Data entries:

---

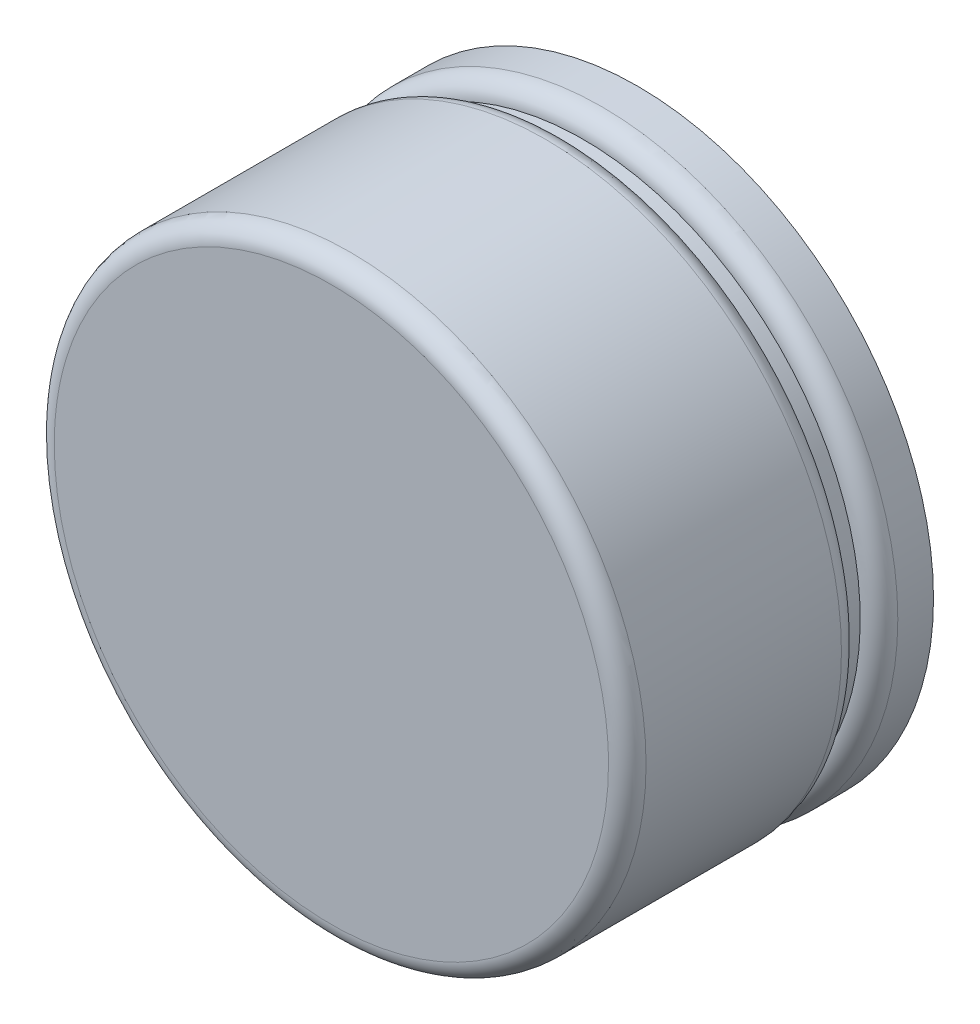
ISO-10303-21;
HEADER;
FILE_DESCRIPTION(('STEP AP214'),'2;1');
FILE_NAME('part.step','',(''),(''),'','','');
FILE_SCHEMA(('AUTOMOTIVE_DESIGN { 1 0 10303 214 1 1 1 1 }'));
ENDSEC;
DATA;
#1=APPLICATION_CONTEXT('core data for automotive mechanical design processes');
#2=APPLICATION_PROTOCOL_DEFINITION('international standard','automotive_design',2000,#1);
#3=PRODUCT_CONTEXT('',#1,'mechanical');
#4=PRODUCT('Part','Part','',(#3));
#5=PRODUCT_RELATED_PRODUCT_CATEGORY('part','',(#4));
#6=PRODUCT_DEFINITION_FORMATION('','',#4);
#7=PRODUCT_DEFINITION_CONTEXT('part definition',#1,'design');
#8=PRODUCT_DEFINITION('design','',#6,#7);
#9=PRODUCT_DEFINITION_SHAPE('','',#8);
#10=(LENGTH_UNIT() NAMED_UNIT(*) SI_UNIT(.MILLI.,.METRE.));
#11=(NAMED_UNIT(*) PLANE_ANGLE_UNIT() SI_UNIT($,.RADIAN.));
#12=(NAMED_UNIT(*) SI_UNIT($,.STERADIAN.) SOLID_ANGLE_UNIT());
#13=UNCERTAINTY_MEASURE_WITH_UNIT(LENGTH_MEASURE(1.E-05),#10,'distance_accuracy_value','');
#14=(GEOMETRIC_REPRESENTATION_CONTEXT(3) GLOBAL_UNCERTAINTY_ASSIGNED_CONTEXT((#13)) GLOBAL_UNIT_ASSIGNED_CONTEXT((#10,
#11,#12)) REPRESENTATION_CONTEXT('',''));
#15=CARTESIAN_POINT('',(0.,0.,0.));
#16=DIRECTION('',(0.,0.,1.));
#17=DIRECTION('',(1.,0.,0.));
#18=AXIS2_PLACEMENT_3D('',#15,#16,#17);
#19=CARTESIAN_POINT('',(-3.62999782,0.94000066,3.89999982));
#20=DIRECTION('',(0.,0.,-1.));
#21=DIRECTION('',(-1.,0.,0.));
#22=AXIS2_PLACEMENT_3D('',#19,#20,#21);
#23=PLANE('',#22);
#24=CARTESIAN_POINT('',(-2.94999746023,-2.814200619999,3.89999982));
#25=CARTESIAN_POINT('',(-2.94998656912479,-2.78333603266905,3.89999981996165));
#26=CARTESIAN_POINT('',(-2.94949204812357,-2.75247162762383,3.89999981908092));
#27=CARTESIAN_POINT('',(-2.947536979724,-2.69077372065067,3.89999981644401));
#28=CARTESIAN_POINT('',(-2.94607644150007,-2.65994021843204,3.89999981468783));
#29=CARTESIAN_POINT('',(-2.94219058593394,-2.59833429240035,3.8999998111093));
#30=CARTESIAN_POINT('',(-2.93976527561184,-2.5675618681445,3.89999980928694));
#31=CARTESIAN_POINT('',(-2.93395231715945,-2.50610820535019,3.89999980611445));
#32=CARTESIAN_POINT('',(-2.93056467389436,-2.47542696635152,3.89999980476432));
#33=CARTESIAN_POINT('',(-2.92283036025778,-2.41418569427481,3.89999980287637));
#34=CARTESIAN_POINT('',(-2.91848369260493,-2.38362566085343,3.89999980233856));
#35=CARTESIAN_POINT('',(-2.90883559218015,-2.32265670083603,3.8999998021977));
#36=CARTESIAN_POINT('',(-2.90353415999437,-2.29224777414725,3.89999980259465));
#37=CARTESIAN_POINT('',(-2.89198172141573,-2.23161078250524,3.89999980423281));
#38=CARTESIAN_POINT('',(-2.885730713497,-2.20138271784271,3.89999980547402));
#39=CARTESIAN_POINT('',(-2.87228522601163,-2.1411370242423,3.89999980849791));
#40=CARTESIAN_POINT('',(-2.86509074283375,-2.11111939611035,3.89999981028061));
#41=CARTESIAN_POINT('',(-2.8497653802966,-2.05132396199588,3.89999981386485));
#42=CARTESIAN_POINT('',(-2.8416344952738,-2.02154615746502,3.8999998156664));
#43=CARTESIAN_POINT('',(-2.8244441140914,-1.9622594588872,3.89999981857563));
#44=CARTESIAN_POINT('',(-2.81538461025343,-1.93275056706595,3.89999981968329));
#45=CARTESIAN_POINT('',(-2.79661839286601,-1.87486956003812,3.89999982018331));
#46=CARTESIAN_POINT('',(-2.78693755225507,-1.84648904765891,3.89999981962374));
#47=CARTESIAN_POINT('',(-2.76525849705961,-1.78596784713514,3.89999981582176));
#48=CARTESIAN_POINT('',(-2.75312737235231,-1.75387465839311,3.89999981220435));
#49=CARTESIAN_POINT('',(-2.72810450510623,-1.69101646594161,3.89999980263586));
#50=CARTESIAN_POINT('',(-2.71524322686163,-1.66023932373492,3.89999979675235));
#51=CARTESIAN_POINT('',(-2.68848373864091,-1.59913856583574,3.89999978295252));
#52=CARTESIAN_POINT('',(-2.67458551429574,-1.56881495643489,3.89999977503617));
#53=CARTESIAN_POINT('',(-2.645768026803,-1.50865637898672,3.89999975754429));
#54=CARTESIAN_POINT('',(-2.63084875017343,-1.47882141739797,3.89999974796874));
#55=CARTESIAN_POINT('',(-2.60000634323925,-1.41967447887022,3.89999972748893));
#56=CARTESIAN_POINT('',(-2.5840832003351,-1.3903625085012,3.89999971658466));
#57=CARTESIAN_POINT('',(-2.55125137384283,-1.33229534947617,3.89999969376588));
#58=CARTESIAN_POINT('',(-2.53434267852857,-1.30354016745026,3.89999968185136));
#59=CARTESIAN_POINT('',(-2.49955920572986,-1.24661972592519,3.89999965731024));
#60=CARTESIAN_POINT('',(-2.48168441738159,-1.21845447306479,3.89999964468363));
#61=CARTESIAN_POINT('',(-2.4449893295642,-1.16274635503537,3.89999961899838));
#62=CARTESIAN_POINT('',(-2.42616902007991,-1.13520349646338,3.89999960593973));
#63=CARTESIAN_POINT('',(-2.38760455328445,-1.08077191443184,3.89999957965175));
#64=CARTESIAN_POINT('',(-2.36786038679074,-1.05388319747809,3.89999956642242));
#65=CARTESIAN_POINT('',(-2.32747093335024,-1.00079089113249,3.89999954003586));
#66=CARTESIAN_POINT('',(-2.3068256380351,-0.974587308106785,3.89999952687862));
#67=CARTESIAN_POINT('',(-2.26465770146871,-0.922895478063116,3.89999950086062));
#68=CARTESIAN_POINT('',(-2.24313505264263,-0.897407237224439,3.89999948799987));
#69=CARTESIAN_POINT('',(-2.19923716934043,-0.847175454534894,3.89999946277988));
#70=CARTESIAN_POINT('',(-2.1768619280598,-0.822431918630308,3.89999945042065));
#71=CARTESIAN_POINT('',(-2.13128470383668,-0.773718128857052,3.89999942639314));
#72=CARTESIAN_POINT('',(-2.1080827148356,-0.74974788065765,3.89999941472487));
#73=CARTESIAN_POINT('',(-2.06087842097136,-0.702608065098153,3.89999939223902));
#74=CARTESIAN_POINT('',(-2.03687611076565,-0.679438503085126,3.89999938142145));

---

- **WHAT YOU HAVE TO DO**
The answer must restate every entry word for word, with the pictures left out.

- **YOUR SOLUTION**
ISO-10303-21;
HEADER;
FILE_DESCRIPTION(('STEP AP214'),'2;1');
FILE_NAME('part.step','',(''),(''),'','','');
FILE_SCHEMA(('AUTOMOTIVE_DESIGN { 1 0 10303 214 1 1 1 1 }'));
ENDSEC;
DATA;
#1=APPLICATION_CONTEXT('core data for automotive mechanical design processes');
#2=APPLICATION_PROTOCOL_DEFINITION('international standard','automotive_design',2000,#1);
#3=PRODUCT_CONTEXT('',#1,'mechanical');
#4=PRODUCT('Part','Part','',(#3));
#5=PRODUCT_RELATED_PRODUCT_CATEGORY('part','',(#4));
#6=PRODUCT_DEFINITION_FORMATION('','',#4);
#7=PRODUCT_DEFINITION_CONTEXT('part definition',#1,'design');
#8=PRODUCT_DEFINITION('design','',#6,#7);
#9=PRODUCT_DEFINITION_SHAPE('','',#8);
#10=(LENGTH_UNIT() NAMED_UNIT(*) SI_UNIT(.MILLI.,.METRE.));
#11=(NAMED_UNIT(*) PLANE_ANGLE_UNIT() SI_UNIT($,.RADIAN.));
#12=(NAMED_UNIT(*) SI_UNIT($,.STERADIAN.) SOLID_ANGLE_UNIT());
#13=UNCERTAINTY_MEASURE_WITH_UNIT(LENGTH_MEASURE(1.E-05),#10,'distance_accuracy_value','');
#14=(GEOMETRIC_REPRESENTATION_CONTEXT(3) GLOBAL_UNCERTAINTY_ASSIGNED_CONTEXT((#13)) GLOBAL_UNIT_ASSIGNED_CONTEXT((#10,
#11,#12)) REPRESENTATION_CONTEXT('',''));
#15=CARTESIAN_POINT('',(0.,0.,0.));
#16=DIRECTION('',(0.,0.,1.));
#17=DIRECTION('',(1.,0.,0.));
#18=AXIS2_PLACEMENT_3D('',#15,#16,#17);
#19=CARTESIAN_POINT('',(-3.62999782,0.94000066,3.89999982));
#20=DIRECTION('',(0.,0.,-1.));
#21=DIRECTION('',(-1.,0.,0.));
#22=AXIS2_PLACEMENT_3D('',#19,#20,#21);
#23=PLANE('',#22);
#24=CARTESIAN_POINT('',(-2.94999746023,-2.814200619999,3.89999982));
#25=CARTESIAN_POINT('',(-2.94998656912479,-2.78333603266905,3.89999981996165));
#26=CARTESIAN_POINT('',(-2.94949204812357,-2.75247162762383,3.89999981908092));
#27=CARTESIAN_POINT('',(-2.947536979724,-2.69077372065067,3.89999981644401));
#28=CARTESIAN_POINT('',(-2.94607644150007,-2.65994021843204,3.89999981468783));
#29=CARTESIAN_POINT('',(-2.94219058593394,-2.59833429240035,3.8999998111093));
#30=CARTESIAN_POINT('',(-2.93976527561184,-2.5675618681445,3.89999980928694));
#31=CARTESIAN_POINT('',(-2.93395231715945,-2.50610820535019,3.89999980611445));
#32=CARTESIAN_POINT('',(-2.93056467389436,-2.47542696635152,3.89999980476432));
#33=CARTESIAN_POINT('',(-2.92283036025778,-2.41418569427481,3.89999980287637));
#34=CARTESIAN_POINT('',(-2.91848369260493,-2.38362566085343,3.89999980233856));
#35=CARTESIAN_POINT('',(-2.90883559218015,-2.32265670083603,3.8999998021977));
#36=CARTESIAN_POINT('',(-2.90353415999437,-2.29224777414725,3.89999980259465));
#37=CARTESIAN_POINT('',(-2.89198172141573,-2.23161078250524,3.89999980423281));
#38=CARTESIAN_POINT('',(-2.885730713497,-2.20138271784271,3.89999980547402));
#39=CARTESIAN_POINT('',(-2.87228522601163,-2.1411370242423,3.89999980849791));
#40=CARTESIAN_POINT('',(-2.86509074283375,-2.11111939611035,3.89999981028061));
#41=CARTESIAN_POINT('',(-2.8497653802966,-2.05132396199588,3.89999981386485));
#42=CARTESIAN_POINT('',(-2.8416344952738,-2.02154615746502,3.8999998156664));
#43=CARTESIAN_POINT('',(-2.8244441140914,-1.9622594588872,3.89999981857563));
#44=CARTESIAN_POINT('',(-2.81538461025343,-1.93275056706595,3.89999981968329));
#45=CARTESIAN_POINT('',(-2.79661839286601,-1.87486956003812,3.89999982018331));
#46=CARTESIAN_POINT('',(-2.78693755225507,-1.84648904765891,3.89999981962374));
#47=CARTESIAN_POINT('',(-2.76525849705961,-1.78596784713514,3.89999981582176));
#48=CARTESIAN_POINT('',(-2.75312737235231,-1.75387465839311,3.89999981220435));
#49=CARTESIAN_POINT('',(-2.72810450510623,-1.69101646594161,3.89999980263586));
#50=CARTESIAN_POINT('',(-2.71524322686163,-1.66023932373492,3.89999979675235));
#51=CARTESIAN_POINT('',(-2.68848373864091,-1.59913856583574,3.89999978295252));
#52=CARTESIAN_POINT('',(-2.67458551429574,-1.56881495643489,3.89999977503617));
#53=CARTESIAN_POINT('',(-2.645768026803,-1.50865637898672,3.89999975754429));
#54=CARTESIAN_POINT('',(-2.63084875017343,-1.47882141739797,3.89999974796874));
#55=CARTESIAN_POINT('',(-2.60000634323925,-1.41967447887022,3.89999972748893));
#56=CARTESIAN_POINT('',(-2.5840832003351,-1.3903625085012,3.89999971658466));
#57=CARTESIAN_POINT('',(-2.55125137384283,-1.33229534947617,3.89999969376588));
#58=CARTESIAN_POINT('',(-2.53434267852857,-1.30354016745026,3.89999968185136));
#59=CARTESIAN_POINT('',(-2.49955920572986,-1.24661972592519,3.89999965731024));
#60=CARTESIAN_POINT('',(-2.48168441738159,-1.21845447306479,3.89999964468363));
#61=CARTESIAN_POINT('',(-2.4449893295642,-1.16274635503537,3.89999961899838));
#62=CARTESIAN_POINT('',(-2.42616902007991,-1.13520349646338,3.89999960593973));
#63=CARTESIAN_POINT('',(-2.38760455328445,-1.08077191443184,3.89999957965175));
#64=CARTESIAN_POINT('',(-2.36786038679074,-1.05388319747809,3.89999956642242));
#65=CARTESIAN_POINT('',(-2.32747093335024,-1.00079089113249,3.89999954003586));
#66=CARTESIAN_POINT('',(-2.3068256380351,-0.974587308106785,3.89999952687862));
#67=CARTESIAN_POINT('',(-2.26465770146871,-0.922895478063116,3.89999950086062));
#68=CARTESIAN_POINT('',(-2.24313505264263,-0.897407237224439,3.89999948799987));
#69=CARTESIAN_POINT('',(-2.19923716934043,-0.847175454534894,3.89999946277988));
#70=CARTESIAN_POINT('',(-2.1768619280598,-0.822431918630308,3.89999945042065));
#71=CARTESIAN_POINT('',(-2.13128470383668,-0.773718128857052,3.89999942639314));
#72=CARTESIAN_POINT('',(-2.1080827148356,-0.74974788065765,3.89999941472487));
#73=CARTESIAN_POINT('',(-2.06087842097136,-0.702608065098153,3.89999939223902));
#74=CARTESIAN_POINT('',(-2.03687611076565,-0.679438503085126,3.89999938142145));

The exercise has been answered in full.